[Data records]
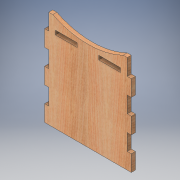
# Autodesk Inventor part: right side
Saved by Autodesk Inventor 2016 (Build 200138000, 138)
## iProperties
Created: 2017-02-03
Part Number: right side
Material: Wood (Birch)
Document SubType Name: Modeling
Designer: jwillauer
Density: 0.55 g/cm^3
Appearance: Birch - Natural Polished
Author: jwillauer
Autodesk Inventor part; units mm, degrees
ref_plane "YZ Plane" through (0, 0, 0) normal (1, 0, 0) x (0, 1, 0)
ref_plane "XZ Plane" through (0, 0, 0) normal (0, 1, 0) x (-1, 0, 0)
ref_plane "XY Plane" through (0, 0, 0) normal (0, 0, 1) x (1, 0, 0)
sketch "Sketch1" plane through (0, 0, 0) normal (0, 0, 1) x (1, 0, 0)
  line L0 (1033.8246, 340.1521) -> (1033.8246, -117.0479)
  line L1 (627.4246, -117.0479) -> (627.4246, 340.1521)
  line L2 (627.4246, -117.0479) -> (1033.8246, -117.0479)
  arc A0 (665.5246, 340.1521) -> (995.7246, 340.1521) centre (830.6246, 678.8187) ccw
  line L3 (627.4246, 340.1521) -> (665.5246, 340.1521)
  line L4 (995.7246, 340.1521) -> (1033.8246, 340.1521)
  point P0 (0, 0)
  dimension "d0" = 406.4
  dimension "d1" = 457.2
  constraints: 10 end point, 3 horizontal, 2 perpendicular, 2 point on circle, 1 centre point, 1 parallel
  measures "d0" distance of L1.end L0.start
  measures "d1" distance of L0.start L0.end
extrude "Extrusion1" add sketch "Sketch1" along normal blind 19.05
sketch "Sketch2" plane through (0, 0, 19.05) normal (0, 0, 1) x (1, 0, 0)
  line L0 (1033.8246, 340.1521) -> (627.4246, 340.1521) projected
  line L1 (627.4246, -117.0479) -> (-960.0754, -117.0479) projected
  line L2 (627.4246, 340.1521) -> (646.4746, 340.1521)
  line L3 (646.4746, 340.1521) -> (646.4746, -117.0479)
  line L4 (646.4746, -117.0479) -> (627.4246, -117.0479)
  line L5 (627.4246, -117.0479) -> (627.4246, 340.1521)
  line L6 (1033.8246, -117.0479) -> (1033.8246, 340.1521) projected
  line L7 (1033.8246, 340.1521) -> (1014.7746, 340.1521)
  line L8 (1014.7746, 340.1521) -> (1014.7746, -117.0479)
  line L9 (1014.7746, -117.0479) -> (1033.8246, -117.0479)
  line L10 (1033.8246, -117.0479) -> (1033.8246, 340.1521)
  line L11 (627.4246, 340.1521) -> (627.4246, -117.0479) projected
  line L12 (627.4246, 263.9521) -> (646.4746, 263.9521)
  line L13 (1014.7746, 263.9521) -> (1033.8246, 263.9521)
  line L14 (627.4246, 187.7521) -> (646.4746, 187.7521)
  line L15 (1014.7746, 187.7521) -> (1033.8246, 187.7521)
  line L16 (627.4246, 111.5521) -> (646.4746, 111.5521)
  line L17 (1014.7746, 111.5521) -> (1033.8246, 111.5521)
  line L18 (627.4246, 35.3521) -> (646.4746, 35.3521)
  line L19 (1014.7746, 35.3521) -> (1033.8246, 35.3521)
  line L20 (1033.8246, -40.8479) -> (1014.7746, -40.8479)
  line L21 (646.4746, -40.8479) -> (627.4246, -40.8479)
  point P0 (0, 0)
  dimension "d7" = 19.05
  dimension "d8" = 19.05
  constraints: 36 end point, 18 point on line, 12 perpendicular, 4 midpoint, 4 parallel, 2 horizontal
  measures "d7" distance between parallel lines of L3 L5
  measures "d8" distance between parallel lines of L6 L8
extrude "Extrusion2" cut sketch "Sketch2" against normal blind 19.05 contours L6 L13 L8 L0 | L3 L12 L5 L0 | L6 L17 L8 L15 | L3 L16 L5 L14 | L6 L20 L8 L19 | L3 L21 L5 L18
sketch "Sketch3" plane through (0, 0, 19.05) normal (0, 0, 1) x (1, 0, 0)
  line L0 (1131.5205, 302.0521) -> (511.2286, 302.0521)
  line L1 (1014.7746, 340.1521) -> (995.7246, 340.1521) projected
  line L2 (1127.4261, 283.0021) -> (305.147, 283.0021)
  line L3 (830.6246, 74.0239) -> (830.6246, 388.6053)
  line L4 (1033.8246, 187.7521) -> (1033.8246, 263.9521) projected
  line L5 (983.0246, 283.0021) -> (881.4246, 283.0021)
  line L6 (881.4246, 283.0021) -> (881.4246, 263.9521)
  line L7 (881.4246, 263.9521) -> (983.0246, 263.9521)
  line L8 (983.0246, 263.9521) -> (983.0246, 283.0021)
  line L9 (1014.7746, 263.9521) -> (1014.7746, 340.1521) projected
  line L10 (678.2246, 283.0021) -> (779.8246, 283.0021)
  line L11 (779.8246, 283.0021) -> (779.8246, 263.9521)
  line L12 (779.8246, 263.9521) -> (678.2246, 263.9521)
  line L13 (678.2246, 263.9521) -> (678.2246, 283.0021)
  line L14 (646.4746, 340.1521) -> (646.4746, 263.9521) projected
  point P0 (0, 0)
  dimension "d24" = 38.1
  dimension "d25" = 19.05
  dimension "d26" = 203.2
  dimension "d27" = 31.75
  dimension "d28" = 101.6
  dimension "d29" = 19.05
  dimension "d30" = 31.75
  dimension "d31" = 101.6
  dimension "d32" = 19.05
  constraints: 22 end point, 4 horizontal, 4 parallel, 2 perpendicular, 2 point on line, 1 vertical
  measures "d24" distance between parallel lines of L0 L1
  measures "d25" distance between parallel lines of L2 L0
  measures "d26" distance between parallel lines of L3 L4
  measures "d27" distance between parallel lines of L8 L9
  measures "d28" distance of L6.end L7.end
  measures "d29" distance between parallel lines of L2 L7
  measures "d30" distance between parallel lines of L13 L14
  measures "d31" distance of L11.end L12.end
  measures "d32" distance between parallel lines of L10 L12
extrude "Extrusion3" cut sketch "Sketch3" against normal blind 25.4 contours L8 L7 L6 L2 | L11 L12 L13 L2
body "Solid1"

● The task:
Look through the entries above and report each line where the string "Autodesk" occurs.

● Answer to this exercise:
# Autodesk Inventor part: right side
Saved by Autodesk Inventor 2016 (Build 200138000, 138)
Autodesk Inventor part; units mm, degrees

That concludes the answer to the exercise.